There is an element(to understate) of lunacy to pilgrims which I am fascinated by, and I admire greatly their passion and inner-drive.

So whoever that 35 year old Polish pilgrim is, I wish him safe travel and much respect.


geez said…

They're the sane ones!
geez said…
The ones who don't wear suits or uniforms, of course.
varus said…
I likewise have been a bit of an infrequent vistor to the web. However, rest assured i have read everything you have produced and enjoyed it a lot.
Damien Moran said…

I thought as much Geez - please pardon my doubts.
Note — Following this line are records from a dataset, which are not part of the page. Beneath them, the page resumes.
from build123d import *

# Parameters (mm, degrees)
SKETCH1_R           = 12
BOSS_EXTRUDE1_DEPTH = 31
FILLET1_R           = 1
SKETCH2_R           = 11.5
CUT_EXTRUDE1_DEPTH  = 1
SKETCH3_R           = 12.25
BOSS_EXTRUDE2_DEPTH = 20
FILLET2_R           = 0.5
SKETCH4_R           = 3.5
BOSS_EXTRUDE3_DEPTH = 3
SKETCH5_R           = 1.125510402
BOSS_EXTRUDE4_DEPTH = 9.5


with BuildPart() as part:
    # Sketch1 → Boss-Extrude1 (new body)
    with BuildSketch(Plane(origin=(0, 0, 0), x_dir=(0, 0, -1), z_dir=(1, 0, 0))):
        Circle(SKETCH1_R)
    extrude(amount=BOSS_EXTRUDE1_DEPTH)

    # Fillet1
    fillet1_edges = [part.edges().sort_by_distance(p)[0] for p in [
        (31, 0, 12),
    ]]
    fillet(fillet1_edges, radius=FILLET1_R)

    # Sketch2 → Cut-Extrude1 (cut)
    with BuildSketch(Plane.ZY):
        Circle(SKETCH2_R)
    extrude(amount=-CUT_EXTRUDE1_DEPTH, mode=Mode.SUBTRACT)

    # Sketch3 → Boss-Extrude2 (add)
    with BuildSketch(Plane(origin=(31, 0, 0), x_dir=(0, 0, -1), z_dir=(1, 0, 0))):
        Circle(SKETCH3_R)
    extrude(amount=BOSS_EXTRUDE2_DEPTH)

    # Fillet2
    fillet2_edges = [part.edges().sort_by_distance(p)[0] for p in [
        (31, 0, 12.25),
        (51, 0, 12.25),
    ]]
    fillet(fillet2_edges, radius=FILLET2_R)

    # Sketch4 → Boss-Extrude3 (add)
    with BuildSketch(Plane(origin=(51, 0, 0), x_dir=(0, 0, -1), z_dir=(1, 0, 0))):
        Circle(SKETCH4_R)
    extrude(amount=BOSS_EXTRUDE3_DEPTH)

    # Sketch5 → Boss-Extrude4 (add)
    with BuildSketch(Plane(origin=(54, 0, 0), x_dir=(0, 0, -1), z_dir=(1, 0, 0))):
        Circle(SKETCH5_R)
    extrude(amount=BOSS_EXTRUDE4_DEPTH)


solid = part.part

I'd like to find out if there has been anything about this guy in Polish newspapers.

I made up the part that he was heading to Czest. I guess he'll be heading straight home to take a bath and get some decent grub.

Varus, I find the web is multi-pronged fork that can sap the hell outta ya and time with your missus, cat, dog, etc. or is such an amazing tool where I can improve my guitar skills with youtube lessons, etc. But I just can't find the balance.

I can't wait to go to Mazury next week and get the hell away from the screen!

Thankfully we recently got rid of the big telly from our sitting room areas that all our furniture was pointing towards. Though there is small one in the bedroom. Good part is though that we just conk out there and therefore telly-watching time has reduced 90%.

What a relief not having Polish soaps on, though I used to fool myself thinking, "Ah, sure I'll pick up Polish if it's on in the background!"